June 24, 2019

Why Unix is hated by everybody


Sometimes, Unix and the modern Linux is described as the most powerful operating system ever which is especially prefered by programmers. But in reality the situation is quite opposite. Unix was never the favorite operating system, and the only one who loved the system was the enduser. Let us take a look what the more liked Operating system is. A hardware company like HP or Apple are prefering their own customized operating system which is Apple OS, HP-UX or OpenVMS. The idea is to program for the hardware a dedicated os which only runs on this computer. The manufactorer has total control over the OS and he decides which programs are running under the system. If the customer needs additional software he can by the program direct from the company which is equal make additional profit.
A similar approach was chosen by IBM. The consumer bought a mainframe for example the 360 system and ontop of the system the customer becomes an operating system. The customer is not allowed to delete the original OS because than the product won't work anymore. This is the common standard in operating system. IBM, HP, Apple and many other hardware companies are operating under this principle today.
And now comes something which is not wanted. The customer likes to become independent from the hardware company. He is not interested in the standard software but likes to install his own programs. He doesn't ask HP if he is allowed to install a new kind of operating system on the server but he is doing it on their wish. This is the basic idea behind Unix/Linux. It is a technology used by customers against the normal standard OS. The customer deletes the HP-UX software and installs a Linux system. Except from the customer nobody else encourages this plan. HP will hate the idea very much because the company will loose the control over the customer.

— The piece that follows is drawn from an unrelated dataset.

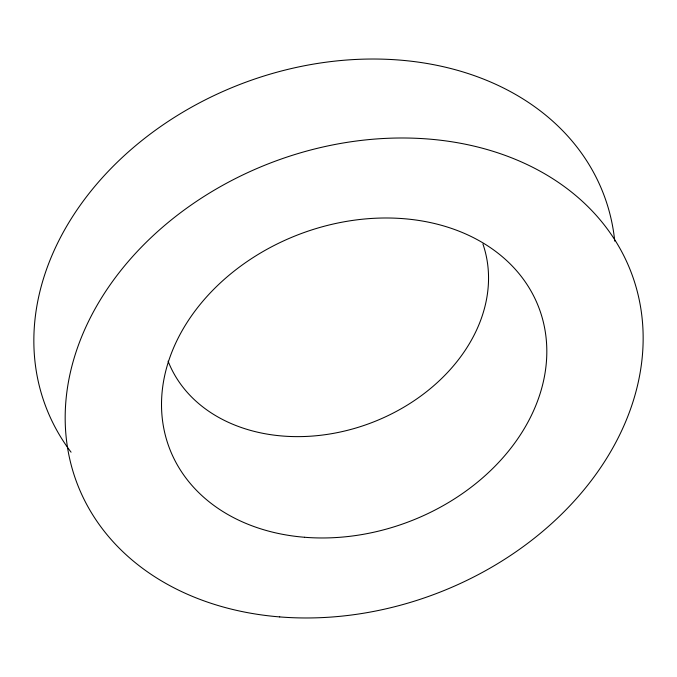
<?xml version="1.0" encoding="UTF-8"?>
<svg xmlns="http://www.w3.org/2000/svg" width="677" height="677" viewBox="0 0 677 677"><rect width="100%" height="100%" fill="white"/><g stroke="black" fill="none" stroke-linecap="round" stroke-linejoin="round"><path stroke-width="1.02" d="M71.068 452.194A298.455 232.27 -20.8 0 1 239.7 84.507A298.455 232.27 -20.8 0 1 614.741 241.13M482.913 243.991A167.989 130.737 -20.8 0 1 369.845 423.362A167.989 130.737 -20.8 0 1 168.082 361.154M279.711 616.916A296.45 230.705 -20.8 0 0 633.215 278.01A296.45 230.705 -20.8 0 0 149.583 239.015A296.45 230.705 -20.8 0 0 279.711 616.916M304.532 537.267A197.633 153.806 -20.8 0 0 540.195 311.335A197.633 153.806 -20.8 0 0 217.774 285.339A197.633 153.806 -20.8 0 0 304.532 537.267"/></g></svg>

The same principle is visible in the modern Linux ecosystem. What the Linux fanboys are doing is to buy a normal desktop PC which comes with customized WIndows OS. The company, for example DELL has invested lots of hours into run the Windows OS on his hardware great. But the customers decides to delete Windows and he installs an Linux system which has no warrenty. From the perspective of the hardware manufactorer, this is equal that the customer has made something wrong. He will loose the warrenty on the device. That means, Dell didn't gave the permission that the enduser is allowed to install Linux on the system. Escpeically not a Linux system which was compiled from scratch.
What i want to explain is twofold. First, Unix/Linux is the natural enemy of hardware companies and secondly it is modifing the relationship between a company and the enduser. Somebody may ask why all the hardware companies are programming their own operating system. Wouldn't it be easier to establish a common standard? The only one who is prefering standards is the end-user. If he has an operating system which runs on IBM, Apple, HP and dell he is in better position. But in the classical market the wishes of the customer are not important. Instead the need of the hardware companies is to control the market and a standard would make this attempt more difficult. That means, Apple is not interested that the enduser deletes Mac OS X, Apple is interested that the cusotmer stays within the normal OS which is controlled by Apple.